---------- Input records ----------

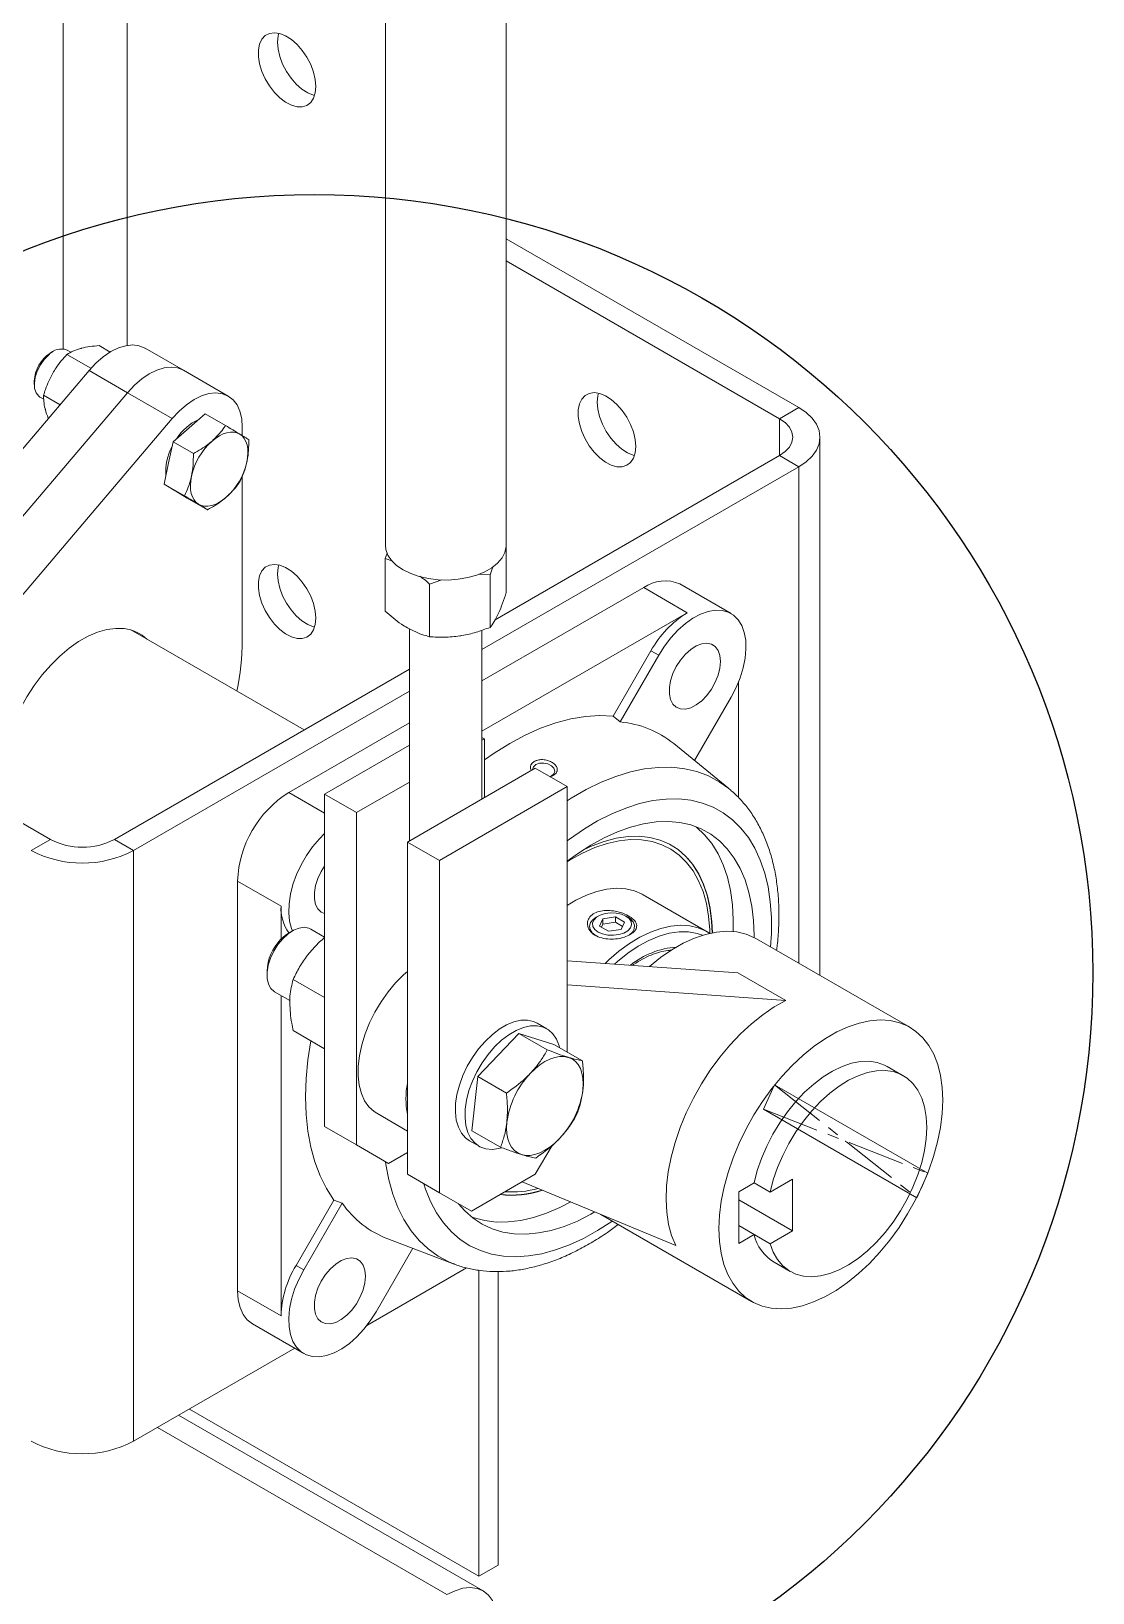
# Model space of a CAD drawing. Header units: millimetres. Extents: x -3124 to 13554, y -5049 to 691.
# Drawn here: x -1401.7 to -1167, y -4109.8 to -3764.4 of the extents above; entities that cross this region are included whole.
import ezdxf

# ---------------------------------------------------------------- set-up
doc = ezdxf.new("R2010")
doc.units = ezdxf.units.MM
doc.header["$PDSIZE"] = -1
doc.linetypes.add('CENTERX2', pattern=[20.32, 12.7, -2.54, 2.54, -2.54])

msp = doc.modelspace()

# ---------------------------------------------------------------- linework, layer by layer
at = {"linetype": 'Continuous', "lineweight": 20}
for p, q in [((-1323.42923, -3314.74372), (-1323.42923, -3878.10235)), ((-1296.72933, -3878.10233), (-1296.72933, -3329.74426)), ((-1394.66176, -3646.71621), (-1394.66176, -3834.67445)), ((-1380.51964, -3833.91323), (-1380.51964, -3645.06665)), ((-1232.02721, -3847.67607), (-1296.72928, -3810.32436)), ((-1236.26986, -3850.12529), (-1296.72926, -3815.22283)), ((-1396.80923, -3835.24067), (-1397.4908, -3835.63422)), ((-1393.8321, -3835.90551), (-1388.52168, -3838.97115)), ((-1392.957, -3835.43497), (-1393.80879, -3834.94324)), ((-1386.72526, -3833.96093), (-1384.26835, -3835.37927)), ((-1368.07051, -3839.40956), (-1376.55577, -3834.51113)), ((-1388.95834, -3839.4716), (-1425.14786, -3882.14969)), ((-1380.47309, -3844.37004), (-1388.95834, -3839.4716)), ((-1358.17098, -3845.12444), (-1368.07051, -3839.40956)), ((-1401.05122, -3841.8017), (-1401.05118, -3842.58873)), ((-1380.47309, -3844.37004), (-1416.6626, -3887.04812)), ((-1399.80831, -3845.33583), (-1398.97068, -3845.81938)), ((-1399.00402, -3844.91937), (-1395.36119, -3847.02233)), ((-1370.57355, -3850.08492), (-1380.47309, -3844.37004)), ((-1370.57355, -3850.08492), (-1406.76307, -3892.763)), ((-1366.82598, -3852.15333), (-1363.26676, -3849.04533)), ((-1363.26676, -3849.04533), (-1358.77231, -3851.63993)), ((-1236.26986, -3850.12529), (-1232.02721, -3847.67607)), ((-1236.26986, -3850.12529), (-1236.26986, -3858.28938)), ((-1370.3852, -3855.26133), (-1366.82598, -3852.15333)), ((-1355.06376, -3853.86352), (-1355.06376, -3851.99213)), ((-1227.34095, -3973.2602), (-1227.34095, -3854.20732)), ((-1371.37487, -3859.91872), (-1370.3852, -3855.26133)), ((-1370.3852, -3855.26133), (-1365.89074, -3857.85593)), ((-1372.36456, -3864.57611), (-1371.37487, -3859.91872)), ((-1302.07924, -3901.17879), (-1232.02719, -3860.73861)), ((-1299.18855, -3894.61155), (-1236.26986, -3858.28937)), ((-1236.26986, -3858.28937), (-1232.02719, -3860.73861)), ((-1232.02719, -3970.5549), (-1232.02719, -3860.73861)), ((-1372.36456, -3864.57611), (-1367.8701, -3867.1707)), ((-1369.79501, -3866.12549), (-1372.36456, -3864.57611)), ((-1355.06376, -3899.12041), (-1355.06376, -3862.80355)), ((-1370.17, -3865.90962), (-1370.41725, -3865.75031)), ((-1370.17, -3865.90962), (-1369.77053, -3866.14022)), ((-1367.22549, -3867.67489), (-1369.79501, -3866.12549)), ((-1367.22549, -3867.67489), (-1362.73103, -3870.26948)), ((-1296.6951, -3876.90709), (-1296.6951, -3888.54804)), ((-1323.05951, -3879.88069), (-1323.46362, -3881.04774)), ((-1323.46362, -3881.04774), (-1323.46362, -3892.68869)), ((-1321.79848, -3881.63274), (-1323.46362, -3881.04774)), ((-1302.82667, -3884.52692), (-1300.28138, -3884.63365)), ((-1300.28138, -3884.63365), (-1299.66561, -3882.86205)), ((-1300.28138, -3884.63365), (-1300.28138, -3896.27459)), ((-1313.66566, -3886.70399), (-1310.95334, -3885.75923)), ((-1313.66566, -3886.70399), (-1313.66566, -3898.34493)), ((-1266.32187, -3887.47709), (-1302.07924, -3908.11937)), ((-1256.70531, -3893.02861), (-1266.32187, -3887.47709)), ((-1247.0088, -3893.21626), (-1258.32253, -3886.68498)), ((-1256.70531, -3893.02861), (-1302.07932, -3919.22247)), ((-1341.38471, -3918.97083), (-1379.69249, -3896.85622)), ((-1318.07927, -3896.60537), (-1318.07927, -3943.47018)), ((-1302.07928, -3934.23359), (-1302.07928, -3896.90632)), ((-1273.05624, -3915.9377), (-1264.70531, -3901.47346)), ((-1263.00814, -3902.45322), (-1271.52229, -3917.20018)), ((-1263.00814, -3902.45322), (-1264.70531, -3901.47346)), ((-1397.49021, -3943.19582), (-1463.95824, -3904.82465)), ((-1383.34805, -3943.1958), (-1318.07927, -3905.51694)), ((-1245.3916, -3933.90708), (-1245.3916, -3908.40364)), ((-1379.10538, -3945.64504), (-1318.07923, -3910.41539)), ((-1255.10716, -3925.72076), (-1247.00814, -3911.69282)), ((-1273.05624, -3915.9377), (-1271.52229, -3917.20018)), ((-1318.07923, -3917.35597), (-1344.8107, -3932.78772)), ((-1318.07936, -3922.32519), (-1336.87871, -3933.17783)), ((-1301.52336, -3920.93169), (-1302.07936, -3921.25267)), ((-1301.52336, -3920.93169), (-1302.07919, -3920.61082)), ((-1301.52336, -3933.91256), (-1301.52336, -3920.93169)), ((-1247.49776, -3931.92606), (-1259.68195, -3921.99015)), ((-1290.28027, -3927.42219), (-1318.56455, -3943.75036)), ((-1283.20921, -3931.50423), (-1290.28027, -3927.42219)), ((-1344.8107, -3932.78772), (-1336.87866, -3937.36679)), ((-1329.80765, -3937.25986), (-1336.87871, -3933.17783)), ((-1336.87871, -3933.17783), (-1336.87871, -4006.66648)), ((-1318.07936, -3930.48927), (-1329.80765, -3937.25986)), ((-1283.20921, -3931.50423), (-1311.49349, -3947.8324)), ((-1283.20921, -3990.21459), (-1283.20921, -3931.50423)), ((-1329.80765, -3937.25986), (-1329.80765, -4010.74851)), ((-1397.49021, -3943.19582), (-1401.73284, -3945.64504)), ((-1383.34805, -3943.1958), (-1379.10538, -3945.64504)), ((-1311.49349, -3947.8324), (-1318.56455, -3943.75036)), ((-1318.56455, -3943.75036), (-1318.56455, -4017.23901)), ((-1379.10538, -3945.64504), (-1379.10538, -4076.29156)), ((-1311.49349, -3947.8324), (-1311.49349, -4021.32105)), ((-1356.12443, -3952.38368), (-1346.50787, -3957.9352)), ((-1356.12443, -4043.01971), (-1356.12443, -3952.38368)), ((-1346.50787, -3957.9352), (-1346.50787, -3965.25983)), ((-1252.28739, -3963.59308), (-1266.42951, -3955.429)), ((-1276.37994, -3960.1335), (-1276.85831, -3960.40991)), ((-1275.36353, -3960.71968), (-1276.11067, -3962.32938)), ((-1272.57514, -3960.28837), (-1275.36353, -3960.71968)), ((-1275.36353, -3960.71968), (-1275.36353, -3961.92408)), ((-1270.53388, -3961.46676), (-1272.57514, -3960.28837)), ((-1272.57514, -3960.28837), (-1272.57514, -3961.49277)), ((-1271.28102, -3963.07646), (-1270.53388, -3961.46676)), ((-1269.78607, -3960.40991), (-1270.26465, -3960.13352)), ((-1343.94947, -3963.39435), (-1344.72822, -3963.84405)), ((-1336.87858, -3964.77023), (-1339.94889, -3962.99777)), ((-1276.11067, -3962.32938), (-1274.06941, -3963.50778)), ((-1275.36353, -3961.92408), (-1275.66973, -3962.58396)), ((-1272.57514, -3961.49277), (-1275.36353, -3961.92408)), ((-1274.06941, -3963.50778), (-1271.28102, -3963.07646)), ((-1270.97474, -3962.41666), (-1272.57514, -3961.49277)), ((-1241.9286, -3964.85691), (-1241.92671, -3964.43304)), ((-1207.45765, -3984.73859), (-1241.39867, -3965.14485)), ((-1245.50481, -3972.68659), (-1283.20921, -3969.99832)), ((-1349.60541, -3972.29252), (-1349.60541, -3973.19179)), ((-1336.87862, -3978.14728), (-1343.82813, -3974.13542)), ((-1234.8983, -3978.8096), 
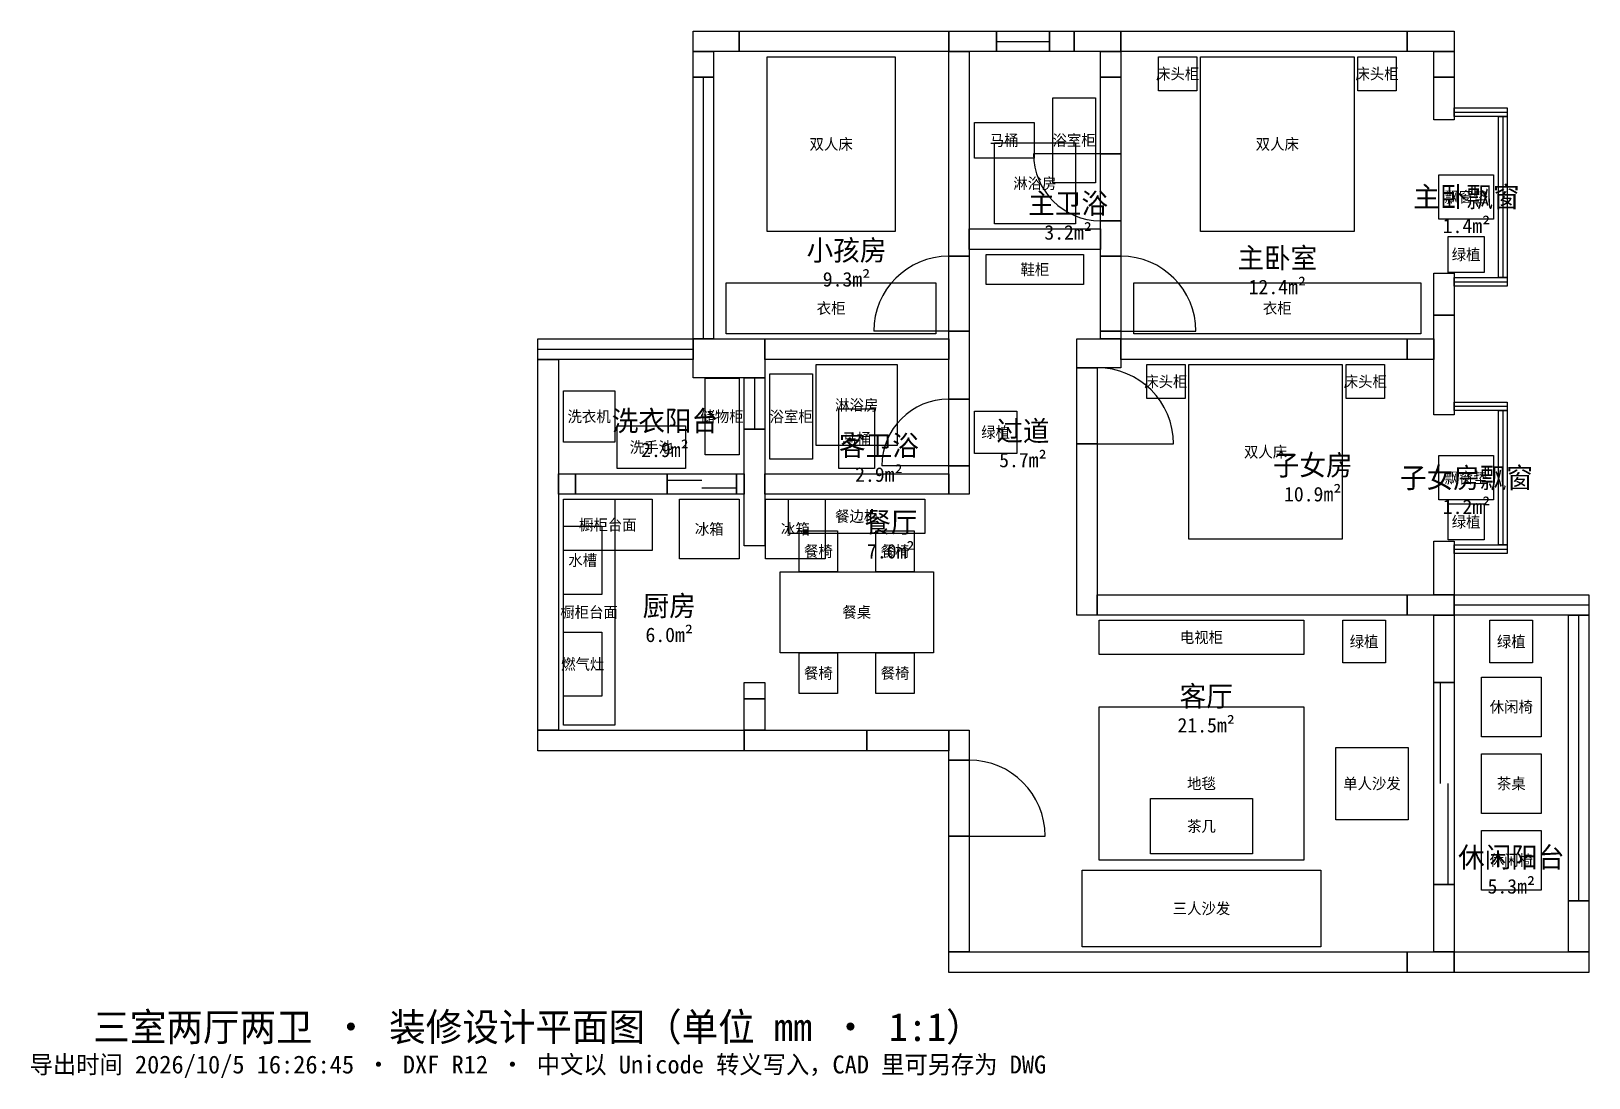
# Model space of a CAD drawing. Header units: millimetres. Extents: x -5946 to 12330, y -1236 to 11040.
import ezdxf
from ezdxf.enums import TextEntityAlignment as Align

# ---------------------------------------------------------------- set-up
doc = ezdxf.new("R2010")
doc.units = ezdxf.units.MM
for name, color, linetype in [('DOOR', 3, 'CONTINUOUS'), ('FURN', 8, 'CONTINUOUS'), ('FURN-TXT', 8, 'CONTINUOUS'), ('GLASS', 5, 'CONTINUOUS'), ('ROOM-TXT', 2, 'CONTINUOUS'), ('SLIDE', 4, 'CONTINUOUS'), ('TITLE', 7, 'CONTINUOUS'), ('WALL', 7, 'CONTINUOUS'), ('WALL-LOW', 8, 'CONTINUOUS'), ('WIN', 4, 'CONTINUOUS')]:
    doc.layers.add(name, color=color, linetype=linetype)

msp = doc.modelspace()

# ---------------------------------------------------------------- linework, layer by layer
at = {"layer": 'DOOR'}
for p, q in [((6600, 9602), (5815, 9602)), ((6600, 9602), (6840, 9602)), ((6600, 8817), (6600, 9602)), ((6840, 9602), (6840, 8817)), ((6840, 8817), (6600, 8817)), ((4820, 8400), (5060, 8400)), ((4820, 7520), (4820, 8400)), ((5060, 8400), (5060, 7520)), ((6600, 8400), (6840, 8400)), ((6600, 7520), (6600, 8400)), ((6840, 8400), (6840, 7520)), ((4820, 7520), (3940, 7520)), ((5060, 7520), (4820, 7520)), ((6840, 7520), (6600, 7520)), ((6840, 7520), (7720, 7520)), ((6323, 7093), (6563, 7093)), ((6323, 6200), (6323, 7093)), ((6563, 7093), (6563, 6200)), ((4820, 6725), (5060, 6725)), ((4820, 5940), (4820, 6725)), ((5060, 6725), (5060, 5940)), ((6563, 6200), (6323, 6200)), ((6563, 6200), (7456, 6200)), ((4820, 5940), (4035, 5940)), ((5060, 5940), (4820, 5940)), ((4820, 2490), (5060, 2490)), ((4820, 1600), (4820, 2490)), ((5060, 2490), (5060, 1600)), ((5060, 1600), (4820, 1600)), ((5060, 1600), (5950, 1600))]:
    msp.add_line(p, q, dxfattribs=at)
for centre, radius, start, end in [((6600, 9602), 785, 180, 270), ((4820, 7520), 880, 90, 180), ((6840, 7520), 880, 0, 90), ((6563, 6200), 893, 0, 90), ((4820, 5940), 785, 90, 180), ((5060, 1600), 890, 0, 90)]:
    msp.add_arc(centre, radius, start, end, dxfattribs=at)
at = {"layer": 'FURN'}
for p, q in [((2690, 10740), (4190, 10740)), ((2690, 8690), (2690, 10740)), ((4190, 10740), (4190, 8690)), ((7280, 10740), (7730, 10740)), ((7280, 10340), (7280, 10740)), ((7730, 10740), (7730, 10340)), ((7775, 10740), (9575, 10740)), ((7775, 8690), (7775, 10740)), ((9575, 10740), (9575, 8690)), ((9620, 10740), (10070, 10740)), ((9620, 10340), (9620, 10740)), ((10070, 10740), (10070, 10340)), ((6040, 9260), (6040, 10260)), ((6040, 10260), (6540, 10260)), ((6540, 10260), (6540, 9260)), ((7730, 10340), (7280, 10340)), ((10070, 10340), (9620, 10340)), ((5120, 9550), (5120, 9970)), ((5120, 9970), (5820, 9970)), ((5820, 9970), (5820, 9550)), ((5355, 8780), (5355, 9730)), ((5355, 9730), (6305, 9730)), ((6305, 9730), (6305, 8780)), ((5820, 9550), (5120, 9550)), ((10570, 8835), (10570, 9355)), ((10570, 9355), (11210, 9355)), ((11210, 9355), (11210, 8835)), ((6540, 9260), (6040, 9260)), ((6305, 8780), (5355, 8780)), ((11210, 8835), (10570, 8835)), ((4190, 8690), (2690, 8690)), ((9575, 8690), (7775, 8690)), ((10680, 8210), (10680, 8630)), ((10680, 8630), (11100, 8630)), ((11100, 8630), (11100, 8210)), ((5260, 8420), (6400, 8420)), ((5260, 8070), (5260, 8420)), ((6400, 8420), (6400, 8070)), ((2210, 7490), (2210, 8090)), ((2210, 8090), (4670, 8090)), ((4670, 8090), (4670, 7490)), ((6400, 8070), (5260, 8070)), ((6990, 7490), (6990, 8090)), ((6990, 8090), (10360, 8090)), ((10360, 8090), (10360, 7490)), ((11100, 8210), (10680, 8210)), ((4670, 7490), (2210, 7490)), ((10360, 7490), (6990, 7490)), ((3265, 7130), (4215, 7130)), ((3265, 6180), (3265, 7130)), ((4215, 7130), (4215, 6180)), ((7142, 7130), (7592, 7130)), ((7142, 6730), (7142, 7130)), ((7592, 7130), (7592, 6730)), ((7637, 7130), (9437, 7130)), ((7637, 5080), (7637, 7130)), ((9437, 7130), (9437, 5080)), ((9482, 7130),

----------

Exercise aim. Once you have counted the lines of the data that contain the word "DOOR", please reply with that number alone.

Solution for this exercise. 2